Fitted with the same or similar lens used to diagnose malaria, the CellScope could allow patients to monitor their blood counts easily and inexpensively at home. Before long, Lam hopes, patients will be able simply to prick themselves for a blood sample, insert the sample into the device and push a button to send a microscopic image to the lab. After doing blood counts and other tests, the lab would then report relevant information back to patients and their doctors, letting them know how soon they need a blood or platelet transfusion and how careful they must be to avoid potential sources of infection.

Beyond these applications, the CellScope could also help implement and study broader efforts to combat infectious disease. Major anti-malaria projects backed by the Bill & Melinda Gates Foundation and other major non-governmental organizations must demonstrate the ability to perform good epidemiological studies. Good studies require solid data on the need for and effectiveness of different approaches. For example, to determine if one mosquito-net program is more effective than another in slowing the spread of malaria in an area, scientists must first establish the baseline of infection rates there, then periodically remeasure infection to track and compare progress of the different approaches. The CellScope could be a powerful and inexpensive data collection tool for such studies.

With minor modifications, in addition to blood samples, the device could also handle stool, urine and saliva specimens, making it possible to evaluate cholera, some urinary tract infections and sickle cell anemia. Beyond Berkeley, plant pathologists at the University of Florida hope to use the CellScope to capture images of crop plants in the field and send them out for instant expert analysis.

“I have no doubt there are many applications for a cheap portable microscope that can transmit annotated images that we haven’t even imagined yet,” Fletcher says. “Realistically, if manufacturers are going to invest in the device, there first has to be a market where people can afford to buy it.” 

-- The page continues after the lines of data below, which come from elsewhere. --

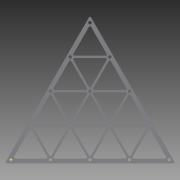
# Autodesk Inventor part: grid16-top
Saved by Autodesk Inventor 2013 (Build 170138000, 138)
## iProperties
Created: 2013-03-05
Part Number: grid16-top
Material: Generic
Document SubType Name: Modeling
Designer: Beth Scott
Density: 1 g/cm^3
Author: Beth Scott
Autodesk Inventor part; units mm, degrees
ref_plane "YZ Plane" through (0, 0, 0) normal (1, 0, 0) x (0, 1, 0)
ref_plane "XZ Plane" through (0, 0, 0) normal (0, 1, 0) x (-1, 0, 0)
ref_plane "XY Plane" through (0, 0, 0) normal (0, 0, 1) x (1, 0, 0)
sketch "Triangle 1mm" plane through (0, 0, 0) normal (0, 0, 1) x (1, 0, 0)
  line L0 (0, 0) -> (16.6665, 28.8672) construction
  line L1 (16.6665, 28.8672) -> (33.333, 0) construction
  line L2 (33.333, 0) -> (0, 0) construction
  line L3 (2.5981, 2.5) -> (15.8005, 25.3672)
  line L4 (17.5325, 25.3672) -> (30.7349, 2.5)
  line L5 (29.8689, 1) -> (3.4641, 1)
  arc A0 (17.5325, 25.3672) -> (15.8005, 25.3672) centre (16.6665, 24.8672) ccw
  arc A1 (29.8689, 1) -> (30.7349, 2.5) centre (29.8689, 2) ccw
  arc A2 (2.5981, 2.5) -> (3.4641, 1) centre (3.4641, 2) ccw
  line L6 (33.333, 0) -> (8.3332, 14.4336) construction
  line L7 (0, 0) -> (24.9997, 14.4336) construction
  line L8 (16.6665, 28.8672) -> (16.6665, 0) construction
  point P0 (16.9666, 9.7956)
  dimension "d14" = 33.333
  dimension "d17" = 1
  dimension "d18" = 1
  measures "d14" distance of L1.end L0.start
  measures "d17" radius of A2
  measures "d18" distance from line of L4 L7.end
sketch "Tri16 1mm" plane through (0, 0, 0) normal (0, 0, 1) x (1, 0, 0)
  line L0 (0, 0) -> (16.6665, 28.8672) construction
  line L1 (16.6665, 28.8672) -> (33.333, 0) construction
  line L2 (33.333, 0) -> (0, 0) construction
  line L3 (2.5981, 2.5) -> (15.8005, 25.3672)
  line L4 (17.5325, 25.3672) -> (30.7349, 2.5)
  line L5 (29.8689, 1) -> (3.4641, 1)
  arc A0 (17.5325, 25.3672) -> (15.8005, 25.3672) centre (16.6665, 24.8672) ccw
  arc A1 (29.8689, 1) -> (30.7349, 2.5) centre (29.8689, 2) ccw
  arc A2 (2.5981, 2.5) -> (3.4641, 1) centre (3.4641, 2) ccw
  line L6 (33.333, 0) -> (8.3333, 14.4336) construction
  line L7 (0, 0) -> (24.9998, 14.4336) construction
  line L8 (16.6665, 28.8672) -> (16.6665, 0) construction
  line L9 (33.333, 0) -> (49.9995, 28.8672) construction
  line L10 (49.9995, 28.8672) -> (66.666, 0) construction
  line L11 (66.666, 0) -> (33.333, 0) construction
  line L12 (35.9311, 2.5) -> (49.1335, 25.3672)
  line L13 (50.8655, 25.3672) -> (64.0679, 2.5)
  line L14 (63.2019, 1) -> (36.7971, 1)
  arc A3 (50.8655, 25.3672) -> (49.1335, 25.3672) centre (49.9995, 24.8672) ccw
  arc A4 (63.2019, 1) -> (64.0679, 2.5) centre (63.2019, 2) ccw
  arc A5 (35.9311, 2.5) -> (36.7971, 1) centre (36.7971, 2) ccw
  line L15 (66.666, 0) -> (41.6663, 14.4336) construction
  line L16 (33.333, 0) -> (58.3328, 14.4336) construction
  line L17 (49.9995, 28.8672) -> (49.9995, 0) construction
  line L18 (49.9995, 28.8672) -> (33.333, 0) construction
  line L19 (33.333, 0) -> (16.6665, 28.8672) construction
  line L20 (16.6665, 28.8672) -> (49.9995, 28.8672) construction
  line L21 (47.4014, 26.3672) -> (34.199, 3.5)
  line L22 (32.467, 3.5) -> (19.2646, 26.3672)
  line L23 (20.1306, 27.8672) -> (46.5354, 27.8672)
  arc A6 (32.467, 3.5) -> (34.199, 3.5) centre (33.333, 4) ccw
  arc A7 (20.1306, 27.8672) -> (19.2646, 26.3672) centre (20.1306, 26.8672) ccw
  arc A8 (47.4014, 26.3672) -> (46.5354, 27.8672) centre (46.5354, 26.8672) ccw
  line L24 (16.6665, 28.8672) -> (41.6663, 14.4336) construction
  line L25 (49.9995, 28.8672) -> (24.9998, 14.4336) construction
  line L26 (33.333, 0) -> (33.333, 28.8672) construction
  line L27 (83.3325, 28.8672) -> (66.666, 0) construction
  line L28 (66.666, 0) -> (49.9995, 28.8672) construction
  line L29 (49.9995, 28.8672) -> (83.3325, 28.8672) construction
  line L30 (80.7344, 26.3672) -> (67.532, 3.5)
  line L31 (65.8, 3.5) -> (52.5976, 26.3672)
  line L32 (53.4636, 27.8672) -> (79.8684, 27.8672)
  arc A9 (65.8, 3.5) -> (67.532, 3.5) centre (66.666, 4) ccw
  arc A10 (53.4636, 27.8672) -> (52.5976, 26.3672) centre (53.4636, 26.8672) ccw
  arc A11 (80.7344, 26.3672) -> (79.8684, 27.8672) centre (79.8684, 26.8672) ccw
  line L33 (49.9995, 28.8672) -> (74.9993, 14.4336) construction
  line L34 (83.3325, 28.8672) -> (58.3328, 14.4336) construction
  line L35 (66.666, 0) -> (66.666, 28.8672) construction
  line L36 (66.666, 0) -> (83.3325, 28.8672) construction
  line L37 (83.3325, 28.8672) -> (99.999, 0) construction
  line L38 (99.999, 0) -> (66.666, 0) construction
  line L39 (69.2641, 2.5) -> (82.4665, 25.3672)
  line L40 (84.1985, 25.3672) -> (97.4009, 2.5)
  line L41 (96.5349, 1) -> (70.1301, 1)
  arc A12 (84.1985, 25.3672) -> (82.4665, 25.3672) centre (83.3325, 24.8672) ccw
  arc A13 (96.5349, 1) -> (97.4009, 2.5) centre (96.5349, 2) ccw
  arc A14 (69.2641, 2.5) -> (70.1301, 1) centre (70.1301, 2) ccw
  line L42 (99.999, 0) -> (74.9993, 14.4336) construction
  line L43 (66.666, 0) -> (91.6658, 14.4336) construction
  line L44 (83.3325, 28.8672) -> (83.3325, 0) construction
  line L45 (99.999, 0) -> (116.6655, 28.8672) construction
  line L46 (116.6655, 28.8672) -> (133.332, 0) construction
  line L47 (133.332, 0) -> (99.999, 0) construction
  line L48 (102.5971, 2.5) -> (115.7995, 25.3672)
  line L49 (117.5315, 25.3672) -> (130.7339, 2.5)
  line L50 (129.8679, 1) -> (103.4631, 1)
  arc A15 (117.5315, 25.3672) -> (115.7995, 25.3672) centre (116.6655, 24.8672) ccw
  arc A16 (129.8679, 1) -> (130.7339, 2.5) centre (129.8679, 2) ccw
  arc A17 (102.5971, 2.5) -> (103.4631, 1) centre (103.4631, 2) ccw
  line L51 (133.332, 0) -> (108.3323, 14.4336) construction
  line L52 (99.999, 0) -> (124.9988, 14.4336) construction
  line L53 (116.6655, 28.8672) -> (116.6655, 0) construction
  line L54 (116.6655, 28.8672) -> (99.999, 0) construction
  line L55 (99.999, 0) -> (83.3325, 28.8672) construction
  line L56 (83.3325, 28.8672) -> (116.6655, 28.8672) construction
  line L57 (114.0674, 26.3672) -> (100.865, 3.5)
  line L58 (99.133, 3.5) -> (85.9306, 26.3672)
  line L59 (86.7966, 27.8672) -> (113.2014, 27.8672)
  arc A18 (99.133, 3.5) -> (100.865, 3.5) centre (99.999, 4) ccw
  arc A19 (86.7966, 27.8672) -> (85.9306, 26.3672) centre (86.7966, 26.8672) ccw
  arc A20 (114.0674, 26.3672) -> (113.2014, 27.8672) centre (113.2014, 26.8672) ccw
  line L60 (83.3325, 28.8672) -> (108.3323, 14.4336) construction
  line L61 (116.6655, 28.8672) -> (91.6658, 14.4336) construction
  line L62 (99.999, 0) -> (99.999, 28.8672) construction
  line L63 (16.6665, 28.8672) -> (33.333, 57.7344) construction
  line L64 (33.333, 57.7344) -> (49.9995, 28.8672) construction
  line L65 (49.9995, 28.8672) -> (16.6665, 28.8672) construction
  line L66 (19.2646, 31.3672) -> (32.467, 54.2344)
  line L67 (34.199, 54.2344) -> (47.4014, 31.3672)
  line L68 (46.5354, 29.8672) -> (20.1306, 29.8672)
  arc A21 (34.199, 54.2344) -> (32.467, 54.2344) centre (33.333, 53.7344) ccw
  arc A22 (46.5354, 29.8672) -> (47.4014, 31.3672) centre (46.5354, 30.8672) ccw
  arc A23 (19.2646, 31.3672) -> (20.1306, 29.8672) centre (20.1306, 30.8672) ccw
  line L69 (49.9995, 28.8672) -> (24.9998, 43.3008) construction
  line L70 (16.6665, 28.8672) -> (41.6663, 43.3008) construction
  line L71 (33.333, 57.7344) -> (33.333, 28.8672) construction
  line L72 (33.333, 57.7344) -> (49.9995, 86.6017) construction
  line L73 (49.9995, 86.6017) -> (66.666, 57.7344) construction
  line L74 (66.666, 57.7344) -> (33.333, 57.7344) construction
  line L75 (35.9311, 60.2344) -> (49.1335, 83.1017)
  line L76 (50.8655, 83.1017) -> (64.0679, 60.2344)
  line L77 (63.2019, 58.7344) -> (36.7971, 58.7344)
  arc A24 (50.8655, 83.1017) -> (49.1335, 83.1017) centre (49.9995, 82.6017) ccw
  arc A25 (63.2019, 58.7344) -> (64.0679, 60.2344) centre (63.2019, 59.7344) ccw
  arc A26 (35.9311, 60.2344) -> (36.7971, 58.7344) centre (36.7971, 59.7344) ccw
  line L78 (66.666, 57.7344) -> (41.6663, 72.1681) construction
  line L79 (33.333, 57.7344) -> (58.3328, 72.1681) construction
  line L80 (49.9995, 86.6017) -> (49.9995, 57.7344) construction
  line L81 (49.9995, 86.6017) -> (66.666, 115.4689) construction
  line L82 (66.666, 115.4689) -> (83.3325, 86.6017) construction
  line L83 (83.3325, 86.6017) -> (49.9995, 86.6017) construction
  line L84 (52.5976, 89.1017) -> (65.8, 111.9689)
  line L85 (67.532, 111.9689) -> (80.7344, 89.1017)
  line L86 (79.8684, 87.6017) -> (53.4636, 87.6017)
  arc A27 (67.532, 111.9689) -> (65.8, 111.9689) centre (66.666, 111.4689) ccw
  arc A28 (79.8684, 87.6017) -> (80.7344, 89.1017) centre (79.8684, 88.6017) ccw
  arc A29 (52.5976, 89.1017) -> (53.4636, 87.6017) centre (53.4636, 88.6017) ccw
  line L87 (83.3325, 86.6017) -> (58.3328, 101.0353) construction
  line L88 (49.9995, 86.6017) -> (74.9993, 101.0353) construction
  line L89 (66.666, 115.4689) -> (66.666, 86.6017) construction
  line L90 (66.666, 57.7344) -> (49.9995, 28.8672) construction
  line L91 (49.9995, 28.8672) -> (33.333, 57.7344) construction
  line L92 (33.333, 57.7344) -> (66.666, 57.7344) construction
  line L93 (64.0679, 55.2344) -> (50.8655, 32.3672)
  line L94 (49.1335, 32.3672) -> (35.9311, 55.2344)
  line L95 (36.7971, 56.7344) -> (63.2019, 56.7344)
  arc A30 (49.1335, 32.3672) -> (50.8655, 32.3672) centre (49.9995, 32.8672) ccw
  arc A31 (36.7971, 56.7344) -> (35.9311, 55.2344) centre (36.7971, 55.7344) ccw
  arc A32 (64.0679, 55.2344) -> (63.2019, 56.7344) centre (63.2019, 55.7344) ccw
  line L96 (33.333, 57.7344) -> (58.3328, 43.3008) construction
  line L97 (66.666, 57.7344) -> (41.6663, 43.3008) construction
  line L98 (49.9995, 28.8672) -> (49.9995, 57.7344) construction
  line L99 (83.3325, 86.6017) -> (66.666, 57.7344) construction
  line L100 (66.666, 57.7344) -> (49.9995, 86.6017) construction
  line L101 (49.9995, 86.6017) -> (83.3325, 86.6017) construction
  line L102 (80.7344, 84.1017) -> (67.532, 61.2344)
  line L103 (65.8, 61.2344) -> (52.5976, 84.1017)
  line L104 (53.4636, 85.6017) -> (79.8684, 85.6017)
  arc A33 (65.8, 61.2344) -> (67.532, 61.2344) centre (66.666, 61.7344) ccw
  arc A34 (53.4636, 85.6017) -> (52.5976, 84.1017) centre (53.4636, 84.6017) ccw
  arc A35 (80.7344, 84.1017) -> (79.8684, 85.6017) centre (79.8684, 84.6017) ccw
  line L105 (49.9995, 86.6017) -> (74.9993, 72.1681) construction
  line L106 (83.3325, 86.6017) -> (58.3328, 72.1681) construction
  line L107 (66.666, 57.7344) -> (66.666, 86.6017) construction
  line L108 (66.666, 57.7344) -> (83.3325, 86.6017) construction
  line L109 (83.3325, 86.6017) -> (99.999, 57.7344) construction
  line L110 (99.999, 57.7344) -> (66.666, 57.7344) construction
  line L111 (69.2641, 60.2344) -> (82.4665, 83.1017)
  line L112 (84.1985, 83.1017) -> (97.4009, 60.2344)
  line L113 (96.5349, 58.7344) -> (70.1301, 58.7344)
  arc A36 (84.1985, 83.1017) -> (82.4665, 83.1017) centre (83.3325, 82.6017) ccw
  arc A37 (96.5349, 58.7344) -> (97.4009, 60.2344) centre (96.5349, 59.7344) ccw
  arc A38 (69.2641, 60.2344) -> (70.1301, 58.7344) centre (70.1301, 59.7344) ccw
  line L114 (99.999, 57.7344) -> (74.9993, 72.1681) construction
  line L115 (66.666, 57.7344) -> (91.6658, 72.1681) construction
  line L116 (83.3325, 86.6017) -> (83.3325, 57.7344) construction
  line L117 (49.9995, 28.8672) -> (66.666, 57.7344) construction
  line L118 (66.666, 57.7344) -> (83.3325, 28.8672) construction
  line L119 (83.3325, 28.8672) -> (49.9995, 28.8672) construction
  line L120 (52.5976, 31.3672) -> (65.8, 54.2344)
  line L121 (67.532, 54.2344) -> (80.7344, 31.3672)
  line L122 (79.8684, 29.8672) -> (53.4636, 29.8672)
  arc A39 (67.532, 54.2344) -> (65.8, 54.2344) centre (66.666, 53.7344) ccw
  arc A40 (79.8684, 29.8672) -> (80.7344, 31.3672) centre (79.8684, 30.8672) ccw
  arc A41 (52.5976, 31.3672) -> (53.4636, 29.8672) centre (53.4636, 30.8672) ccw
  line L123 (83.3325, 28.8672) -> (58.3328, 43.3008) construction
  line L124 (49.9995, 28.8672) -> (74.9993, 43.3008) construction
  line L125 (66.666, 57.7344) -> (66.666, 28.8672) construction
  line L126 (83.3325, 28.8672) -> (99.999, 57.7344) construction
  line L127 (99.999, 57.7344) -> (116.6655, 28.8672) construction
  line L128 (116.6655, 28.8672) -> (83.3325, 28.8672) construction
  line L129 (85.9306, 31.3672) -> (99.133, 54.2344)
  line L130 (100.865, 54.2344) -> (114.0674, 31.3672)
  line L131 (113.2014, 29.8672) -> (86.7966, 29.8672)
  arc A42 (100.865, 54.2344) -> (99.133, 54.2344) centre (99.999, 53.7344) ccw
  arc A43 (113.2014, 29.8672) -> (114.0674, 31.3672) centre (113.2014, 30.8672) ccw
  arc A44 (85.9306, 31.3672) -> (86.7966, 29.8672) centre (86.7966, 30.8672) ccw
  line L132 (116.6655, 28.8672) -> (91.6658, 43.3008) construction
  line L133 (83.3325, 28.8672) -> (108.3323, 43.3008) construction
  line L134 (99.999, 57.7344) -> (99.999, 28.8672) construction
  line L135 (99.999, 57.7344) -> (83.3325, 28.8672) construction
  line L136 (83.3325, 28.8672) -> (66.666, 57.7344) construction
  line L137 (66.666, 57.7344) -> (99.999, 57.7344) construction
  line L138 (97.4009, 55.2344) -> (84.1985, 32.3672)
  line L139 (82.4665, 32.3672) -> (69.2641, 55.2344)
  line L140 (70.1301, 56.7344) -> (96.5349, 56.7344)
  arc A45 (82.4665, 32.3672) -> (84.1985, 32.3672) centre (83.3325, 32.8672) ccw
  arc A46 (70.1301, 56.7344) -> (69.2641, 55.2344) centre (70.1301, 55.7344) ccw
  arc A47 (97.4009, 55.2344) -> (96.5349, 56.7344) centre (96.5349, 55.7344) ccw
  line L141 (66.666, 57.7344) -> (91.6658, 43.3008) construction
  line L142 (99.999, 57.7344) -> (74.9993, 43.3008) construction
  line L143 (83.3325, 28.8672) -> (83.3325, 57.7344) construction
  point P0 (66.741, 38.5329)
sketch "Top Plate" plane through (0, 0, 0) normal (0, 1, 0) x (-1, 0, 0)
  line L0 (-4.3301, -1.5) -> (65.8, 119.9689)
  line L1 (67.532, 119.9689) -> (137.6621, -1.5)
  line L2 (-3.4641, -3) -> (136.7961, -3)
  circle A0 centre (33.333, 0) radius 1.5
  circle A1 centre (0, 0) radius 1.5
  circle A2 centre (16.6665, 28.8672) radius 1.5
  circle A3 centre (33.333, 57.7344) radius 1.5
  circle A4 centre (49.9995, 28.8672) radius 1.5
  circle A5 centre (66.666, 0) radius 1.5
  circle A6 centre (99.999, 0) radius 1.5
  circle A7 centre (133.332, 0) radius 1.5
  circle A8 centre (116.6655, 28.8672) radius 1.5
  circle A9 centre (99.999, 57.7344) radius 1.5
  circle A10 centre (83.3325, 28.8672) radius 1.5
  circle A11 centre (66.666, 57.7344) radius 1.5
  circle A12 centre (83.3325, 86.6017) radius 1.5
  circle A13 centre (49.9995, 86.6017) radius 1.5
  circle A14 centre (66.666, 115.4689) radius 1.5
  arc A15 (67.532, 119.9689) -> (65.8, 119.9689) centre (66.666, 119.4689) ccw
  arc A16 (136.7961, -3) -> (137.6621, -1.5) centre (136.7961, -2) ccw
  arc A17 (-4.3301, -1.5) -> (-3.4641, -3) centre (-3.4641, -2) ccw
  line L3 (0, 0) -> (-13.8976, -8.0238) construction
  line L4 (133.332, 0) -> (144.2364, -6.2956) construction
  line L5 (17.9655, 29.6172) -> (19.2646, 30.3672) construction
  line L6 (15.3675, 29.6172) -> (14.0684, 30.3672) construction
  line L7 (0, 0) -> (16.6665, 28.8672) construction
  line L8 (16.6665, 28.8672) -> (33.333, 0) construction
  line L9 (33.333, 0) -> (0, 0) construction
  line L10 (2.5981, 2.5) -> (15.8005, 25.3672)
  line L11 (17.5325, 25.3672) -> (30.7349, 2.5)
  line L12 (29.8689, 1) -> (3.4641, 1)
  arc A18 (17.5325, 25.3672) -> (15.8005, 25.3672) centre (16.6665, 24.8672) ccw
  arc A19 (29.8689, 1) -> (30.7349, 2.5) centre (29.8689, 2) ccw
  arc A20 (2.5981, 2.5) -> (3.4641, 1) centre (3.4641, 2) ccw
  line L13 (33.333, 0) -> (8.3333, 14.4336) construction
  line L14 (0, 0) -> (24.9998, 14.4336) construction
  line L15 (16.6665, 28.8672) -> (16.6665, 0) construction
  line L16 (33.333, 0) -> (49.9995, 28.8672) construction
  line L17 (49.9995, 28.8672) -> (66.666, 0) construction
  line L18 (66.666, 0) -> (33.333, 0) construction
  line L19 (35.9311, 2.5) -> (49.1335, 25.3672)
  line L20 (50.8655, 25.3672) -> (64.0679, 2.5)
  line L21 (63.2019, 1) -> (36.7971, 1)
  arc A21 (50.8655, 25.3672) -> (49.1335, 25.3672) centre (49.9995, 24.8672) ccw
  arc A22 (63.2019, 1) -> (64.0679, 2.5) centre (63.2019, 2) ccw
  arc A23 (35.9311, 2.5) -> (36.7971, 1) centre (36.7971, 2) ccw
  line L22 (66.666, 0) -> (41.6663, 14.4336) construction
  line L23 (33.333, 0) -> (58.3328, 14.4336) construction
  line L24 (49.9995, 28.8672) -> (49.9995, 0) construction
  line L25 (49.9995, 28.8672) -> (33.333, 0) construction
  line L26 (33.333, 0) -> (16.6665, 28.8672) construction
  line L27 (16.6665, 28.8672) -> (49.9995, 28.8672) construction
  line L28 (47.4014, 26.3672) -> (34.199, 3.5)
  line L29 (32.467, 3.5) -> (19.2646, 26.3672)
  line L30 (20.1306, 27.8672) -> (46.5354, 27.8672)
  arc A24 (32.467, 3.5) -> (34.199, 3.5) centre (33.333, 4) ccw
  arc A25 (20.1306, 27.8672) -> (19.2646, 26.3672) centre (20.1306, 26.8672) ccw
  arc A26 (47.4014, 26.3672) -> (46.5354, 27.8672) centre (46.5354, 26.8672) ccw
  line L31 (16.6665, 28.8672) -> (41.6663, 14.4336) construction
  line L32 (49.9995, 28.8672) -> (24.9998, 14.4336) construction
  line L33 (33.333, 0) -> (33.333, 28.8672) construction
  line L34 (83.3325, 28.8672) -> (66.666, 0) construction
  line L35 (66.666, 0) -> (49.9995, 28.8672) construction
  line L36 (49.9995, 28.8672) -> (83.3325, 28.8672) construction
  line L37 (80.7344, 26.3672) -> (67.532, 3.5)
  line L38 (65.8, 3.5) -> (52.5976, 26.3672)
  line L39 (53.4636, 27.8672) -> (79.8684, 27.8672)
  arc A27 (65.8, 3.5) -> (67.532, 3.5) centre (66.666, 4) ccw
  arc A28 (53.4636, 27.8672) -> (52.5976, 26.3672) centre (53.4636, 26.8672) ccw
  arc A29 (80.7344, 26.3672) -> (79.8684, 27.8672) centre (79.8684, 26.8672) ccw
  line L40 (49.9995, 28.8672) -> (74.9993, 14.4336) construction
  line L41 (83.3325, 28.8672) -> (58.3328, 14.4336) construction
  line L42 (66.666, 0) -> (66.666, 28.8672) construction
  line L43 (66.666, 0) -> (83.3325, 28.8672) construction
  line L44 (83.3325, 28.8672) -> (99.999, 0) construction
  line L45 (99.999, 0) -> (66.666, 0) construction
  line L46 (69.2641, 2.5) -> (82.4665, 25.3672)
  line L47 (84.1985, 25.3672) -> (97.4009, 2.5)
  line L48 (96.5349, 1) -> (70.1301, 1)
  arc A30 (84.1985, 25.3672) -> (82.4665, 25.3672) centre (83.3325, 24.8672) ccw
  arc A31 (96.5349, 1) -> (97.4009, 2.5) centre (96.5349, 2) ccw
  arc A32 (69.2641, 2.5) -> (70.1301, 1) centre (70.1301, 2) ccw
  line L49 (99.999, 0) -> (74.9993, 14.4336) construction
  line L50 (66.666, 0) -> (91.6658, 14.4336) construction
  line L51 (83.3325, 28.8672) -> (83.3325, 0) construction
  line L52 (99.999, 0) -> (116.6655, 28.8672) construction
  line L53 (116.6655, 28.8672) -> (133.332, 0) construction
  line L54 (133.332, 0) -> (99.999, 0) construction
  line L55 (102.5971, 2.5) -> (115.7995, 25.3672)
  line L56 (117.5315, 25.3672) -> (130.7339, 2.5)
  line L57 (129.8679, 1) -> (103.4631, 1)
  arc A33 (117.5315, 25.3672) -> (115.7995, 25.3672) centre (116.6655, 24.8672) ccw
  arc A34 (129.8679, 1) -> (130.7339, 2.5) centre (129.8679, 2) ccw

CellScope team members (from left) Wilbur Lam, David Breslauer, Robi Maamari, Dan Fletcher and visiting researcher Andrew Fandrianto, a sophomore at Carnegie Mellon. Also on the team are Erik Douglas, Jesse Dill, Wendy Hansen, Tom Hunt, Chris Rivest and Neil Switz.

The group is still deciding how many functions to fuse into the same lens. Combining lenses, from an optics point of view, is tricky, Maamari says. But, alternatively, the researchers could design various sets of clip-on lenses and fluorescence filters, gearing the device toward a full spectrum of imaging applications. The team is also developing software to protect patient confidentiality but still allow users to annotate and transmit micrographs in a standard format that will mesh with existing medical record-keeping formats.

“The beauty of this project is that all the pieces were already there,” Lam says. “Cell phones, microscopes and cameras are ubiquitous in our society as ordinary technologies. But put them together, and you’ve got something completely new.”